La storia di Doria è un racconto di famiglia e dedizione alla qualità, che affonda le sue radici nel lontano 1800, quando Alessandro Zanin iniziò a produrre pane a Sarmede, tra le colline trevigiane. Ma è con l'arrivo di sua moglie, Antonietta Donadon, abilissima pasticcera, che l'attività del panificio si arricchisce con la produzione di dolci.
Nel 1935, anche i figli di Ugo, Gastone e Giorgio, entrano a far parte dell'azienda. Ancora bambini, ma già animati dalla cultura del lavoro e dalla passione per la qualità trasmessa dai genitori, iniziano aiutando il padre nelle consegne per poi passare alla produzione. Con la crescita dell'azienda, emerge la necessità di creare un marchio, un nome breve, noto e capace di conferire un'aura di nobiltà ai prodotti. Gastone Zanin sceglie Doria, ispirandosi al nome della più bella nave italiana dell'epoca e a Marina Doria, moglie di Vittorio Emanuele di Savoia.

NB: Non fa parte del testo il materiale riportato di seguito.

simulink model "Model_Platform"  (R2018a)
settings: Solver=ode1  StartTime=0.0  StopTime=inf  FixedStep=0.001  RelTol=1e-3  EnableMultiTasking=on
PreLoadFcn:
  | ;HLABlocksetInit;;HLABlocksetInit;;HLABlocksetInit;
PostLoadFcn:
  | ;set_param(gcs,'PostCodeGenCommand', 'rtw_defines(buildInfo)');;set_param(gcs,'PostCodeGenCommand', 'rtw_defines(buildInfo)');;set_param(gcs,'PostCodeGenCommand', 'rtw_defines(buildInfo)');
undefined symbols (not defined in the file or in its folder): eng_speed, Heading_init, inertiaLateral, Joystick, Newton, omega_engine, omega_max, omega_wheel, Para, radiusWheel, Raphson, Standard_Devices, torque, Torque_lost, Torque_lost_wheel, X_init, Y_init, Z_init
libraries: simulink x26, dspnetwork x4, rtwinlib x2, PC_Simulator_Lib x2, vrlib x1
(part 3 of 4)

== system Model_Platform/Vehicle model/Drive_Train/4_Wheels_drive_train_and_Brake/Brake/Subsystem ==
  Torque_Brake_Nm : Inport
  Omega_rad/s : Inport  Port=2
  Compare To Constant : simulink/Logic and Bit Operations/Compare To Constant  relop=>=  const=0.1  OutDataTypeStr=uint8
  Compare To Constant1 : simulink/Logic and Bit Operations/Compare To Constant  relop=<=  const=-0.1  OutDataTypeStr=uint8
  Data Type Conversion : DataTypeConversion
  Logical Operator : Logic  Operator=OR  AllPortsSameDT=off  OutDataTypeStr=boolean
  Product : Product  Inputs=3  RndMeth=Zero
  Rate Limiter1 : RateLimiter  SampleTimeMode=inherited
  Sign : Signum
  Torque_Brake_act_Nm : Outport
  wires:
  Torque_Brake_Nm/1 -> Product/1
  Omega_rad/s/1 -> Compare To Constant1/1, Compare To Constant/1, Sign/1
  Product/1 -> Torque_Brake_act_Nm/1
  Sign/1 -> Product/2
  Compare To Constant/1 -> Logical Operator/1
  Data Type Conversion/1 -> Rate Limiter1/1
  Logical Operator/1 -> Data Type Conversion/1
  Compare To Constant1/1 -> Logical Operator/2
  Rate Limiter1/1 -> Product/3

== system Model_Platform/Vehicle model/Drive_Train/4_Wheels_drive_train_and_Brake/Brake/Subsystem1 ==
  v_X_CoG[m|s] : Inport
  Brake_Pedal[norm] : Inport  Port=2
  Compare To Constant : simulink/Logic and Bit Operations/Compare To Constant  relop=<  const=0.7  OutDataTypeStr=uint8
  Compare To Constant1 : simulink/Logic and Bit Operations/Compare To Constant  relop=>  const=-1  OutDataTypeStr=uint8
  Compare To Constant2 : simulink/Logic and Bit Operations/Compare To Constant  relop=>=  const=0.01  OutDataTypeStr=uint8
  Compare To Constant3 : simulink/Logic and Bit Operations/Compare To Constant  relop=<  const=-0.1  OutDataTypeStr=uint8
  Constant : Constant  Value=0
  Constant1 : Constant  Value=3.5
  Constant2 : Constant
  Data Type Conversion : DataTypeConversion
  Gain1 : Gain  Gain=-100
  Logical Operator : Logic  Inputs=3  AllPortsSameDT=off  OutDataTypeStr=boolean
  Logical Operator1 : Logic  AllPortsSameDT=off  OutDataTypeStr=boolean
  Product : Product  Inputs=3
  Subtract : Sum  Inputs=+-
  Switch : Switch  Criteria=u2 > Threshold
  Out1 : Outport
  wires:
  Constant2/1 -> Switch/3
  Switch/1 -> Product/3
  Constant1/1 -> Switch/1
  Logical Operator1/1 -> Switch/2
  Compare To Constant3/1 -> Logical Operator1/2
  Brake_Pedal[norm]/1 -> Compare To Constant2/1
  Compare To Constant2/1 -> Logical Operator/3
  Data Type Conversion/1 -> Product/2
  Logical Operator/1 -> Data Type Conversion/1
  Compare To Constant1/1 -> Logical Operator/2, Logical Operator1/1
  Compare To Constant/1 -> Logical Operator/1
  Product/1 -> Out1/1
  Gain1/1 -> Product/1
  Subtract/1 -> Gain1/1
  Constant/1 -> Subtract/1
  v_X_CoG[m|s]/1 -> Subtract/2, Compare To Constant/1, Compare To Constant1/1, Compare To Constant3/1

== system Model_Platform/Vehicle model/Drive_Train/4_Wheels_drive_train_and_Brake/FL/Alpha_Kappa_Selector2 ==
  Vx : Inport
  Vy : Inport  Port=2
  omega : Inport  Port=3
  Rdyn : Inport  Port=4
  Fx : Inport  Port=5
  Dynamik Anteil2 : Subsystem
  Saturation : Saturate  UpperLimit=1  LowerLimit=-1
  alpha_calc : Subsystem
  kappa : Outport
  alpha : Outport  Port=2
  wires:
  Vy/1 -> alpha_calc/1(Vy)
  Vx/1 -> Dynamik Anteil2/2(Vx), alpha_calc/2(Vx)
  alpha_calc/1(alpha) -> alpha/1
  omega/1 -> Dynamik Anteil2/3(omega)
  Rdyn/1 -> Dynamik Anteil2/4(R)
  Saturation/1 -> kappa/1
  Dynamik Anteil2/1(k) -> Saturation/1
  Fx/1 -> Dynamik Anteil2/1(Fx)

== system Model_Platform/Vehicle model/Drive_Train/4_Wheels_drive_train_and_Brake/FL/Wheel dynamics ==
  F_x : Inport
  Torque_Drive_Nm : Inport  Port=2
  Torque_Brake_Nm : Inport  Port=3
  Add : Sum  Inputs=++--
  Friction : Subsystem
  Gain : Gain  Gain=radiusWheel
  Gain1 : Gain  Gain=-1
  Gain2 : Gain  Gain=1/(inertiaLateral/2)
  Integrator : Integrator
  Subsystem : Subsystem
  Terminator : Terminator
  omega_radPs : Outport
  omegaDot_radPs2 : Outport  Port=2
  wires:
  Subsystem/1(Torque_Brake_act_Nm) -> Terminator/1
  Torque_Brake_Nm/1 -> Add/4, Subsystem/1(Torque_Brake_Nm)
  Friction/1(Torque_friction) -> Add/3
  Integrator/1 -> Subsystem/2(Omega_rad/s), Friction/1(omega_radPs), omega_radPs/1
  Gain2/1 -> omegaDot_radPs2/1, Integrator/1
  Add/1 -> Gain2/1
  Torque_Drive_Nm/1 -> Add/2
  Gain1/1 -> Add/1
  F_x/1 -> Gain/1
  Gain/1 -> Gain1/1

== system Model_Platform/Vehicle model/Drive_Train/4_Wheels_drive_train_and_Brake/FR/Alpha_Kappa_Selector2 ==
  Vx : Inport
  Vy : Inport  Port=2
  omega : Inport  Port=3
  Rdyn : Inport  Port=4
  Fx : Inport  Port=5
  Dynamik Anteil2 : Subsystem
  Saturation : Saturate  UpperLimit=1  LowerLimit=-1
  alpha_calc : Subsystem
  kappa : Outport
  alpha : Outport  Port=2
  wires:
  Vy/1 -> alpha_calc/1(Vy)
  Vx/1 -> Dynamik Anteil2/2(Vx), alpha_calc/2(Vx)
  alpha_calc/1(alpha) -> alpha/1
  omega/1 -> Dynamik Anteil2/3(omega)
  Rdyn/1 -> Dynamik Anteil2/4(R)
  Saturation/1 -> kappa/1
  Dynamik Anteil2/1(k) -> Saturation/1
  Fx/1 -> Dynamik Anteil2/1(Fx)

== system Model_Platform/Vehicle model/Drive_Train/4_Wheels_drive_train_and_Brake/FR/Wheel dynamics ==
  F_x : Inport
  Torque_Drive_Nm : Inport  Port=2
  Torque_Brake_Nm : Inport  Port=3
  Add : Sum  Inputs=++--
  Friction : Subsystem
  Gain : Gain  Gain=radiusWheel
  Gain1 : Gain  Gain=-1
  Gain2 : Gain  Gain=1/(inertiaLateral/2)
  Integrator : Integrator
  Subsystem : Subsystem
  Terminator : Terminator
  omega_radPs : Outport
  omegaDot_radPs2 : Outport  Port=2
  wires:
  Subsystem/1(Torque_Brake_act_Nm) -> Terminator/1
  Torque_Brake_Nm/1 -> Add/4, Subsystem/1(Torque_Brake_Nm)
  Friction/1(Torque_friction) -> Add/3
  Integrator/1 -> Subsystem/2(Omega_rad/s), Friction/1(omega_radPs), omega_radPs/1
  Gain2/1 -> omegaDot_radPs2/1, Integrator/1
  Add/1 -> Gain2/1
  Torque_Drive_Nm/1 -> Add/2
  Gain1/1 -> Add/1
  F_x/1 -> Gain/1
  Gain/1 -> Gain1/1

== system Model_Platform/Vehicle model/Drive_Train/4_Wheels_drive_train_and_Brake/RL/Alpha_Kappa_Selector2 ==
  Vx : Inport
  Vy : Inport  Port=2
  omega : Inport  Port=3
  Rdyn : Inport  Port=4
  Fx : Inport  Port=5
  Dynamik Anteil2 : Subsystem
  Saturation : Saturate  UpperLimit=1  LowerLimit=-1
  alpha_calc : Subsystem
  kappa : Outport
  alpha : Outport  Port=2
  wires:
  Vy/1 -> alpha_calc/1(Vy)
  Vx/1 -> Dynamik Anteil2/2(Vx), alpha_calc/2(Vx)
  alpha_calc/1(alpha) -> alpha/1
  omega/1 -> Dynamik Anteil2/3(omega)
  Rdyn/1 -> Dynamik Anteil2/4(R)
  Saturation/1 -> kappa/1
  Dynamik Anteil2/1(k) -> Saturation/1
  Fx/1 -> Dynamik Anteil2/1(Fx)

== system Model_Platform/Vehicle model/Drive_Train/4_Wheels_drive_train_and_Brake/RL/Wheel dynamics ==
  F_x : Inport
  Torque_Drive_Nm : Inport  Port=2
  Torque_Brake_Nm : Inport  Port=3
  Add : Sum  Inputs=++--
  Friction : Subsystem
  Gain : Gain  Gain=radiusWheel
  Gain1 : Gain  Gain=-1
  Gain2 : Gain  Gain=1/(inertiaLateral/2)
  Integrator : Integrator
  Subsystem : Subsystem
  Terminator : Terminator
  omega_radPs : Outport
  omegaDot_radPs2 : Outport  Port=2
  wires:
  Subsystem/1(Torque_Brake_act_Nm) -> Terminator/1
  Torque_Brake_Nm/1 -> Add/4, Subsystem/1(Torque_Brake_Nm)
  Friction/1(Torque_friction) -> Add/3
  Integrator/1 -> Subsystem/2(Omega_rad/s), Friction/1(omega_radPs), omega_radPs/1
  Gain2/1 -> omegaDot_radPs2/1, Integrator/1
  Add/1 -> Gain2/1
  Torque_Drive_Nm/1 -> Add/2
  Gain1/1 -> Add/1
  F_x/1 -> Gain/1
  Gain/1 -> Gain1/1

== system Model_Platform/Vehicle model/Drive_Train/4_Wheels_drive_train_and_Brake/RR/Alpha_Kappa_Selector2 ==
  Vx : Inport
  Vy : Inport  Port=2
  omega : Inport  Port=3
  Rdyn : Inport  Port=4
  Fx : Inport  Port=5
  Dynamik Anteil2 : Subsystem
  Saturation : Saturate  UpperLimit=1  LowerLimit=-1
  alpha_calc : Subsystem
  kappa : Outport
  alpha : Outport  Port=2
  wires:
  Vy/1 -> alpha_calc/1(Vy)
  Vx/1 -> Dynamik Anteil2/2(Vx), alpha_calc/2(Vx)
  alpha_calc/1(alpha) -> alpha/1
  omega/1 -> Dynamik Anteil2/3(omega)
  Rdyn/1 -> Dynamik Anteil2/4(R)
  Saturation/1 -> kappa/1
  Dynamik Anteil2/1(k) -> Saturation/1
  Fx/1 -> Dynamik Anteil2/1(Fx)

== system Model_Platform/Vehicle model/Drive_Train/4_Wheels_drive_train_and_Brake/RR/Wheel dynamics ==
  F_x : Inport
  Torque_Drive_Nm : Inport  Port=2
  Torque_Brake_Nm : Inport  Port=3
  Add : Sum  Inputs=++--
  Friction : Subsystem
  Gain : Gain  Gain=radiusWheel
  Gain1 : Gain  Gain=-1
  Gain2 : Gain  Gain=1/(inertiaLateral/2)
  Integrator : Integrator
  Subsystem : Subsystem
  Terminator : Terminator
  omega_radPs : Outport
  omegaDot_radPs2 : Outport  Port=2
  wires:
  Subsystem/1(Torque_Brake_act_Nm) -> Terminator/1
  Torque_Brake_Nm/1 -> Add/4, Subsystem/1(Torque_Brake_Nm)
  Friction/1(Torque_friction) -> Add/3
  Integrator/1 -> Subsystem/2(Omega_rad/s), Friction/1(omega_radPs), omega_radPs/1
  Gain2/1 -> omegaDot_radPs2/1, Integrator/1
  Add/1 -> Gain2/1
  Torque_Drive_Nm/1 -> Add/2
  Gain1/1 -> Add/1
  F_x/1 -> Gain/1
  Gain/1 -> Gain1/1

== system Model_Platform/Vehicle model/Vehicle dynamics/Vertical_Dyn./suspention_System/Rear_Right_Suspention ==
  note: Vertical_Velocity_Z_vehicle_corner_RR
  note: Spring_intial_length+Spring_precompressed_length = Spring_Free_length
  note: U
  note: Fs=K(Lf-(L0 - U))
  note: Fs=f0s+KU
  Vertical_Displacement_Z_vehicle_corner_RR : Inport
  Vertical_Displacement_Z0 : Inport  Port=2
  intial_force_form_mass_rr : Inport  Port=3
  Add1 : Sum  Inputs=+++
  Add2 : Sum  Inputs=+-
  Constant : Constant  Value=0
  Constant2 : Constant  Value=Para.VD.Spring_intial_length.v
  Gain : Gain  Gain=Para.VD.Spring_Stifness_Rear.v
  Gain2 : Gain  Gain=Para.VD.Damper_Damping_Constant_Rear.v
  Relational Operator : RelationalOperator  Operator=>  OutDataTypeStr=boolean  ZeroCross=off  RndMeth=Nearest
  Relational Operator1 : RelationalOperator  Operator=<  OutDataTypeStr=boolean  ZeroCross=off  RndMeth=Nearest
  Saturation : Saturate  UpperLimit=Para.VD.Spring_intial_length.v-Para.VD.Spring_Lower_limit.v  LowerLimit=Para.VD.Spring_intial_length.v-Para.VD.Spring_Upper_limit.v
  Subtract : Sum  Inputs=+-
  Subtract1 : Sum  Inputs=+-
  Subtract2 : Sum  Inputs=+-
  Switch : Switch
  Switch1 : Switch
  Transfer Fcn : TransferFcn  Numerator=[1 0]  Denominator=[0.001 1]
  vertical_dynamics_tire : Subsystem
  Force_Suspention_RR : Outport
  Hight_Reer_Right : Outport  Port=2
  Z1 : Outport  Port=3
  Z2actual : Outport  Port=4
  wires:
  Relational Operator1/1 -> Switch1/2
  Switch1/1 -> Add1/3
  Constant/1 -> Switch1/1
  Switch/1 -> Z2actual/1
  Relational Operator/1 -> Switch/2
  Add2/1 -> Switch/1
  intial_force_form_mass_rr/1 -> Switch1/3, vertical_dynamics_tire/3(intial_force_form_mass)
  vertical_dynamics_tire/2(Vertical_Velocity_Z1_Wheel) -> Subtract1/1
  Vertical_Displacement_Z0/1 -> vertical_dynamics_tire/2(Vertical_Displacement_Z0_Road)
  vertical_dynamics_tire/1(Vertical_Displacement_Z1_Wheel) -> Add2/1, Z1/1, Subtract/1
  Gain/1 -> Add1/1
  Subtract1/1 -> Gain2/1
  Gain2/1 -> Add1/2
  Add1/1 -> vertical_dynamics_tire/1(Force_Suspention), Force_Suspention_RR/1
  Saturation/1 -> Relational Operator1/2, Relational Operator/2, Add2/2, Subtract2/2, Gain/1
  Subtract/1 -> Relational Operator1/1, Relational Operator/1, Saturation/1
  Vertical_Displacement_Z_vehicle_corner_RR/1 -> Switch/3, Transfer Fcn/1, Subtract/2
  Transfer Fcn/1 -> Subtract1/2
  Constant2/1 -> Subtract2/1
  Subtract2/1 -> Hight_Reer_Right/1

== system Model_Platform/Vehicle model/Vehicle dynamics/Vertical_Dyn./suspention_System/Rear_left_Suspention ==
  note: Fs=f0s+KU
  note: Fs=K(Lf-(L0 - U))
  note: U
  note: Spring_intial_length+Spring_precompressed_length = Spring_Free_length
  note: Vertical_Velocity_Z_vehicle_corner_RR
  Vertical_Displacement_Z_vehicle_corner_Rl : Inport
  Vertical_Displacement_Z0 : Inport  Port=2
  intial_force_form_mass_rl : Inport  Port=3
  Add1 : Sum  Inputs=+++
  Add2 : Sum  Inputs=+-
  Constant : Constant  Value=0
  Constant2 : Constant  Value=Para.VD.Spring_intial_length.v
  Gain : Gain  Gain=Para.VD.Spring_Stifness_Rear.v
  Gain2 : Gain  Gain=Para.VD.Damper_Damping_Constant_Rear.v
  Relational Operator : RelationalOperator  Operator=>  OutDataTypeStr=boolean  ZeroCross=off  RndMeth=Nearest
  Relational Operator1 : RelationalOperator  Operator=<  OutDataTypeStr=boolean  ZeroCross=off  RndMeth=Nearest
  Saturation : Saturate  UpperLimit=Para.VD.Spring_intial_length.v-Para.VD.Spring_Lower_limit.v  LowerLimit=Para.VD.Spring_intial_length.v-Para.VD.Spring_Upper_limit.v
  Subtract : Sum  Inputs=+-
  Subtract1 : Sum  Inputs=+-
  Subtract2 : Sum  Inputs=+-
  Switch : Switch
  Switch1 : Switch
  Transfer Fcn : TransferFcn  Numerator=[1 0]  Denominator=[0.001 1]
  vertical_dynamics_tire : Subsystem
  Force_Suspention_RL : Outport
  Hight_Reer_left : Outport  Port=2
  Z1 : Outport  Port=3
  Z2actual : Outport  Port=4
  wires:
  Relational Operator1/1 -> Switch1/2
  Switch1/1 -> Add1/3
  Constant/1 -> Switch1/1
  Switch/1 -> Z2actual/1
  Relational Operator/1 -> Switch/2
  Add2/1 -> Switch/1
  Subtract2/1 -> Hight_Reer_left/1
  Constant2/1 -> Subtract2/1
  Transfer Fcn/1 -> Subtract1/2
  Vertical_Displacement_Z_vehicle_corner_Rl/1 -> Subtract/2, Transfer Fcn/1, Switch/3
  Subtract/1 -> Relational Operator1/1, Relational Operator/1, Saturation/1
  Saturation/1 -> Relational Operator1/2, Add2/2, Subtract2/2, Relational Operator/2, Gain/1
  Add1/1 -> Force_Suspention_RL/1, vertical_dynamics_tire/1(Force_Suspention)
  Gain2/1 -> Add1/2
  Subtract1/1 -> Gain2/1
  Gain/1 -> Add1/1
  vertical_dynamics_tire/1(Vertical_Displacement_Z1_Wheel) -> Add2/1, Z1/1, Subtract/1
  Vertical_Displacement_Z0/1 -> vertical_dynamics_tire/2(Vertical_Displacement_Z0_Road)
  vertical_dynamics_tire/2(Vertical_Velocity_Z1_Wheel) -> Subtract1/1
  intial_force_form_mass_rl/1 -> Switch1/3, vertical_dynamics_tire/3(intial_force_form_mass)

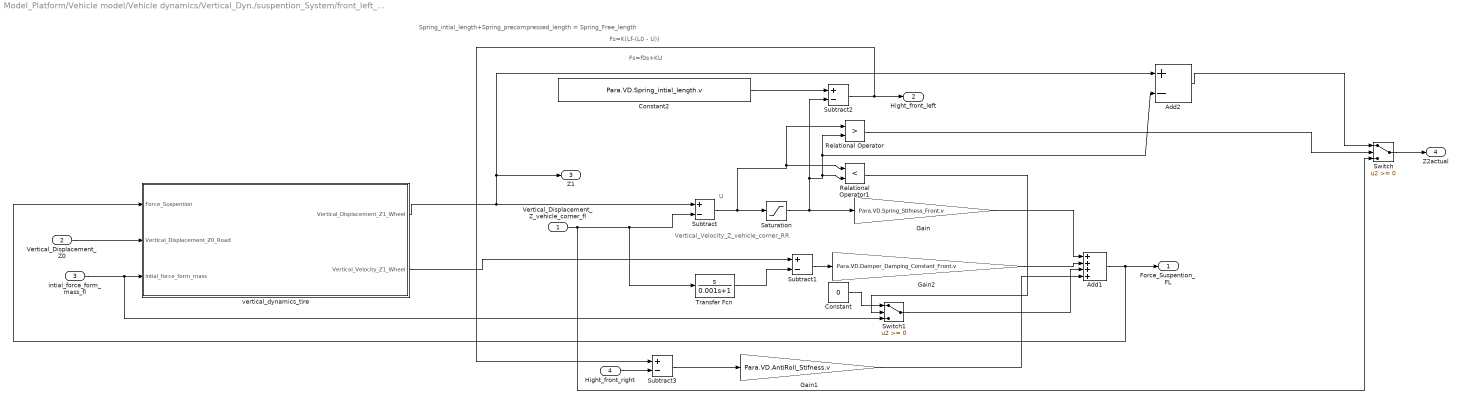
== system Model_Platform/Vehicle model/Vehicle dynamics/Vertical_Dyn./suspention_System/front_left_Suspention ==
  note: Vertical_Velocity_Z_vehicle_corner_RR
  note: Spring_intial_length+Spring_precompressed_length = Spring_Free_length
  note: U
  note: Fs=K(Lf-(L0 - U))
  note: Fs=f0s+KU
  Vertical_Displacement_Z_vehicle_corner_fl : Inport
  Vertical_Displacement_Z0 : Inport  Port=2
  intial_force_form_mass_fl : Inport  Port=3
  Hight_front_right : Inport  Port=4
  Add1 : Sum  Inputs=++++
  Add2 : Sum  Inputs=+-
  Constant : Constant  Value=0
  Constant2 : Constant  Value=Para.VD.Spring_intial_length.v
  Gain : Gain  Gain=Para.VD.Spring_Stifness_Front.v
  Gain1 : Gain  Gain=Para.VD.AntiRoll_Stifness.v
  Gain2 : Gain  Gain=Para.VD.Damper_Damping_Constant_Front.v
  Relational Operator : RelationalOperator  Operator=>  OutDataTypeStr=boolean  ZeroCross=off  RndMeth=Nearest
  Relational Operator1 : RelationalOperator  Operator=<  OutDataTypeStr=boolean  ZeroCross=off  RndMeth=Nearest
  Saturation : Saturate  UpperLimit=Para.VD.Spring_intial_length.v-Para.VD.Spring_Lower_limit.v  LowerLimit=Para.VD.Spring_intial_length.v-Para.VD.Spring_Upper_limit.v  ZeroCross=off
  Subtract{,1..3} (4 alike) : Sum  Inputs=+-
  Switch : Switch
  Switch1 : Switch
  Transfer Fcn : TransferFcn  Numerator=[1 0]  Denominator=[0.001 1]
  vertical_dynamics_tire : Subsystem
  Force_Suspention_FL : Outport
  Hight_front_left : Outport  Port=2
  Z1 : Outport  Port=3
  Z2actual : Outport  Port=4
  wires:
  Relational Operator1/1 -> Switch1/2
  Switch1/1 -> Add1/3
  Constant/1 -> Switch1/1
  Gain1/1 -> Add1/4
  Subtract3/1 -> Gain1/1
  Hight_front_right/1 -> Subtract3/2
  Switch/1 -> Z2actual/1
  Relational Operator/1 -> Switch/2
  Add2/1 -> Switch/1
  intial_force_form_mass_fl/1 -> Switch1/3, vertical_dynamics_tire/3(intial_force_form_mass)
  vertical_dynamics_tire/2(Vertical_Velocity_Z1_Wheel) -> Subtract1/1
  Vertical_Displacement_Z0/1 -> vertical_dynamics_tire/2(Vertical_Displacement_Z0_Road)
  vertical_dynamics_tire/1(Vertical_Displacement_Z1_Wheel) -> Add2/1, Z1/1, Subtract/1
  Gain/1 -> Add1/1
  Subtract1/1 -> Gain2/1
  Gain2/1 -> Add1/2
  Add1/1 -> Force_Suspention_FL/1, vertical_dynamics_tire/1(Force_Suspention)
  Saturation/1 -> Gain/1, Relational Operator1/2, Add2/2, Relational Operator/2, Subtract2/2
  Subtract/1 -> Relational Operator1/1, Relational Operator/1, Saturation/1
  Vertical_Displacement_Z_vehicle_corner_fl/1 -> Switch/3, Transfer Fcn/1, Subtract/2
  Transfer Fcn/1 -> Subtract1/2
  Constant2/1 -> Subtract2/1
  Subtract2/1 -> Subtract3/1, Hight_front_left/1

Doria diventerà la protagonista di uno sviluppo impetuoso, una presenza familiare nelle case degli italiani durante l'epoca d'oro di Carosello. Con la pubblicità televisiva dei biscotti Bucaneve e Atene e dei cracker - che, insieme ai Giambonetti, portarono Doria nel mondo del salato - vengono realizzati dei piccoli capolavori di animazione firmati. Come dimenticare il celebre Tacabanda.
Doria Bucaneve
Un importante contributo viene dal nuovo mezzo di comunicazione, quello televisivo. Gli spot Doria agli albori della pubblicità televisiva entrano per sempre nella memoria degli spettatori. I caroselli con le canzoni di Miranda Martino e le avventure di Tacabanda segnano quegli anni di profondo cambiamento sociale e appartengono di diritto alla nostra pop culture.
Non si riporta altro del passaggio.